Et si le titre du film, Gilda, n’était finalement qu’une fausse piste ? Et si l’œuvre dissimulait en fin de compte un autre message derrière ses évidences ? Une chose est sûre, en tout cas : Gilda n’est sans conteste pas le personnage central du film, celui autour duquel gravite toute l’intrigue. D’ailleurs, cette dernière apparaît tard à l’image et n’y figure en définitive pas plus d’une vingtaine de minutes. Or, si ce choix est bien une façon de faire monter le désir, le résultat n’est pas au rendez-vous puisque ni Mundson, son mari, ni Johnny, son ex, ne la désirent réellement - qu’elle soit vêtue ou dévêtue de ses tenues les plus séduisantes. Un sous-entendu pour le moins osé en 1946, à l’heure de gloire de Rita Hayworth et à l’aube de son déclin. Ou l’art de maquiller un sujet presque impossible à traiter à l’époque : l’homosexualité masculine.

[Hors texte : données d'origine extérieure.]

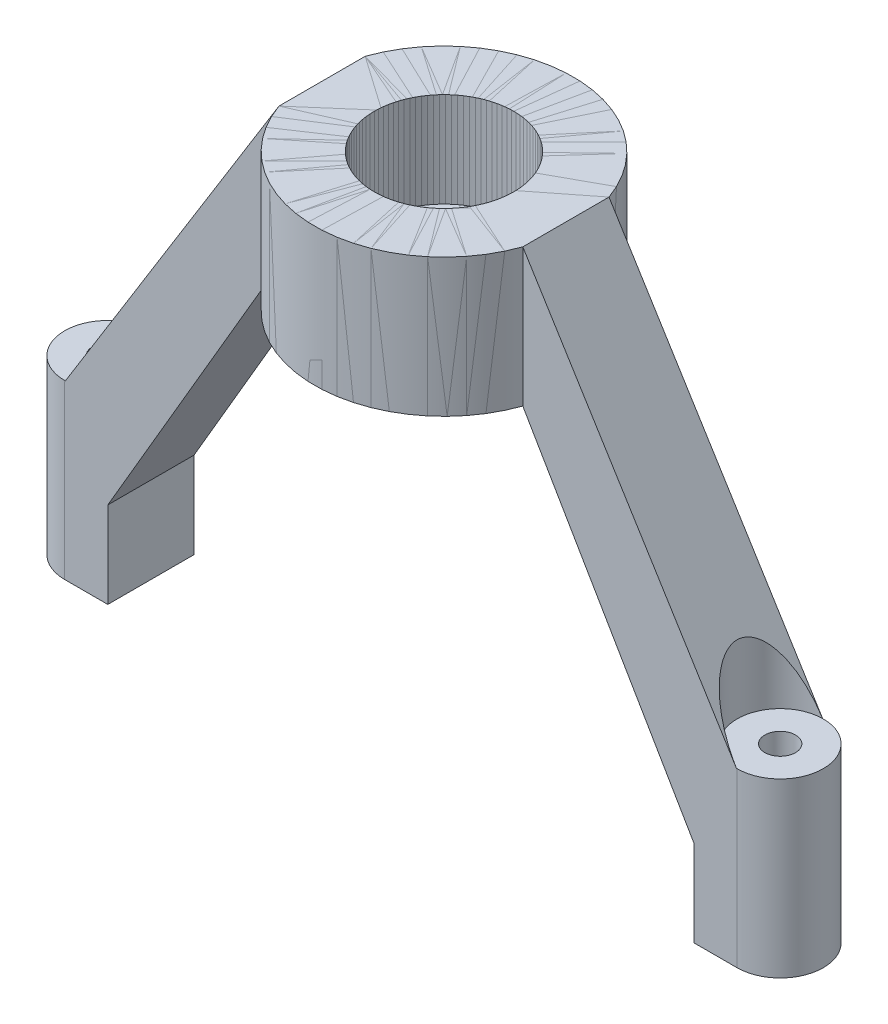
from build123d import *
from build123d.topology import SkipClean

# Parameters (mm, degrees)
SKETCH1_R                = 1.875
BOSS_EXTRUDE1_DEPTH      = 8
BOSS_EXTRUDE2_START      = -17
SKETCH1_3_R              = 2.5
SKETCH1_3_R_2            = 0.889
BOSS_EXTRUDE2_DEPTH      = 5
SKETCH4_R                = 4.05
CUT_EXTRUDE1_DEPTH       = 5.5
BOSS_EXTRUDE3_DEPTH      = 2.5
BOSS_EXTRUDE3_DEPTH_BACK = 2.5
SKETCH5_R                = 2.5
CUT_EXTRUDE2_DEPTH       = 31.663496213
CUT_EXTRUDE3_DEPTH       = 31.663496213
BOSS_EXTRUDE4_START      = 5
SKETCH8_R                = 0.889
BOSS_EXTRUDE4_DEPTH      = 5
CIRPATTERN5_COUNT        = 2


with BuildPart() as part:
    # Sketch1 → Boss-Extrude1 (new body)
    with BuildSketch(Plane(origin=(0, 0, 0), x_dir=(1, 0, 0), z_dir=(0, 1, 0))):
        with BuildLine():
            Line((7.071067812, -2.5), (7.071067812, 2.5))
            ThreePointArc((7.071067812, 2.5), (0, 7.5), (-7.071067812, 2.5))
            Line((-7.071067812, 2.5), (-7.071067812, -2.5))
            ThreePointArc((-7.071067812, -2.5), (0, -7.5), (7.071067812, -2.5))
        make_face()
        Circle(SKETCH1_R, mode=Mode.SUBTRACT)
    extrude(amount=BOSS_EXTRUDE1_DEPTH)

    # Sketch4 → Cut-Extrude1 (cut)
    with BuildSketch(Plane(origin=(0, 8, 0), x_dir=(1, 0, 0), z_dir=(0, 1, 0))):
        Circle(SKETCH4_R)
    extrude(amount=-CUT_EXTRUDE1_DEPTH, mode=Mode.SUBTRACT)



with BuildPart() as body_2:
    # Sketch1<3> → Boss-Extrude2 (new body)
    with BuildSketch(Plane(origin=(0, 0, 0), x_dir=(1, 0, 0), z_dir=(0, 1, 0)).offset(BOSS_EXTRUDE2_START)):
        with Locations((-19.5, 0)):
            Circle(SKETCH1_3_R)
        with Locations((-19.5, 0)):
            Circle(SKETCH1_3_R_2, mode=Mode.SUBTRACT)
    extrude(amount=BOSS_EXTRUDE2_DEPTH)


with BuildPart() as part_1:
    add(part.part)

    add(body_2.part)  # Boss-Extrude3 merges body 2
    # Sketch3 → Boss-Extrude3 (add, two sides: drawn at the far end of the back side and taken through both)
    with BuildSketch(Plane.XY.offset(-BOSS_EXTRUDE3_DEPTH_BACK)):
        Polygon((-7.071067812, 8), (-19.5, -12.060762386), (-19.5, -17), (-17, -17), (-7.071067812, 0), align=None)
    extrude(amount=BOSS_EXTRUDE3_DEPTH + BOSS_EXTRUDE3_DEPTH_BACK)

    # Sketch5 → Cut-Extrude2 (cut, through all)
    with BuildSketch(Plane(origin=(0, -12, 0), x_dir=(1, 0, 0), z_dir=(0, 1, 0))):
        with Locations((-19.5, 0)):
            Circle(SKETCH5_R)
    extrude(amount=CUT_EXTRUDE2_DEPTH, mode=Mode.SUBTRACT)

    # Sketch5<3> → Cut-Extrude3 (cut, through all)
    with BuildSketch(Plane(origin=(0, -12, 0), x_dir=(1, 0, 0), z_dir=(0, 1, 0))):
        with BuildLine():
            ThreePointArc((-19.462353795, -0.888202546), (-18.858210129, -0.615164012), (-18.611, 0))
            ThreePointArc((-18.611, 0), (-18.858210129, 0.615164012), (-19.462353795, 0.888202546))
            ThreePointArc((-19.462353795, 0.888202546), (-20.389, 0), (-19.462353795, -0.888202546))
        make_face()
    extrude(amount=-CUT_EXTRUDE3_DEPTH, mode=Mode.SUBTRACT)

    # Sketch8 → Boss-Extrude4 (add)
    with SkipClean():  # the faces are left unmerged after this step: merging them gives an invalid solid
        with BuildSketch(Plane.XZ.offset(17).offset(BOSS_EXTRUDE4_START)):
            with BuildLine():
                Line((-19.5, -2.5), (-17, -2.5))
                Line((-17, -2.5), (-17, 2.5))
                Line((-17, 2.5), (-19.5, 2.5))
                ThreePointArc((-19.5, 2.5), (-22, 0), (-19.5, -2.5))
            make_face()
            with Locations((-19.5, 0)):
                Circle(SKETCH8_R, mode=Mode.SUBTRACT)
        extrude(amount=-BOSS_EXTRUDE4_DEPTH)


with BuildPart() as cirpattern5_1:
    # CirPattern5: pattern copy
    add(part_1.part.rotate(Axis((0, 8, 0), (0, 1, 0)), 1 * 360 / CIRPATTERN5_COUNT))


solid = Compound([part_1.part, cirpattern5_1.part])

Car l’objet de désir n’est ici non pas Gilda mais Johnny, filmé en tant que tel et quasiment levé sur le trottoir par l’époux de cette dernière, lequel est d’ailleurs armé d’une canne… Ainsi, derrière l’étiquette "film noir" de Gilda se cache en réalité l’histoire d’une femme au charme impuissant, façon délicate de mettre l’accent sur l’autre drame qui se joue sous nos yeux mais que nous tardons néanmoins à percevoir. Impassible et voyeuse, la caméra de Charles Vidor renvoie le regard cruel des hommes cernant Gilda. Au plus près de son visage, elle scrute la moindre de ses expressions, tour à tour saturées de joie puis soudainement brisées par l’incursion d’hommes désobligeants. Terrassée par sa frustration sexuelle, Gilda n’a alors qu’une échappatoire : la danse.
En découle l’une des catharsis les plus mythiques du cinéma hollywoodien. Extériorisant ses pulsions érotiques les plus intimes, Rita/Gilda – première actrice de l’histoire de Hollywood à s’enhardir d’une telle performance seule à l’image – célèbre son insatisfaction physique à travers un strip-tease ganté plein d’amertume. Trop belle, trop vertueuse, Gilda est une femme qu’on admire sans vraiment oser toucher. Même si elle constitue le principal sujet de discussion de Mundson et Johnny, ces derniers ne consommeront à aucun moment leur mariage avec elle. Tant et si bien qu’entourée à jamais par les hommes, Gilda, unique rayon de lumière dans un océan de noirceur, se retrouve aussi irrémédiablement seule.
À la fin de Gilda, le spectateur ressort avec de nombreuses interrogations. C’est que Charles Vidor a choisi délibérément de laisser les grandes questions de son long métrage sans réelle réponse. Qui sont vraiment les protagonistes de cette histoire ? D’où viennent-ils ? Et que se passe-t-il concrètement dans le casino ? Tout au long du film, la mise en scène s’amuse de ce jeu d’ombre : même si l’on passe beaucoup de temps à observer (entre les stores du bureau dominant la salle de jeux, notamment), on ne saisit jamais précisément ce que l’on voit. De même, les personnages sont également souvent filmés de dos, rendant les choses encore plus obscures. Le réalisateur a-t-il trop insisté sur les ambiguïtés ? Peut-être, mais c’est aussi sans doute ce qui fait encore aujourd’hui le caractère si singulier et intemporel de cette œuvre inclassable.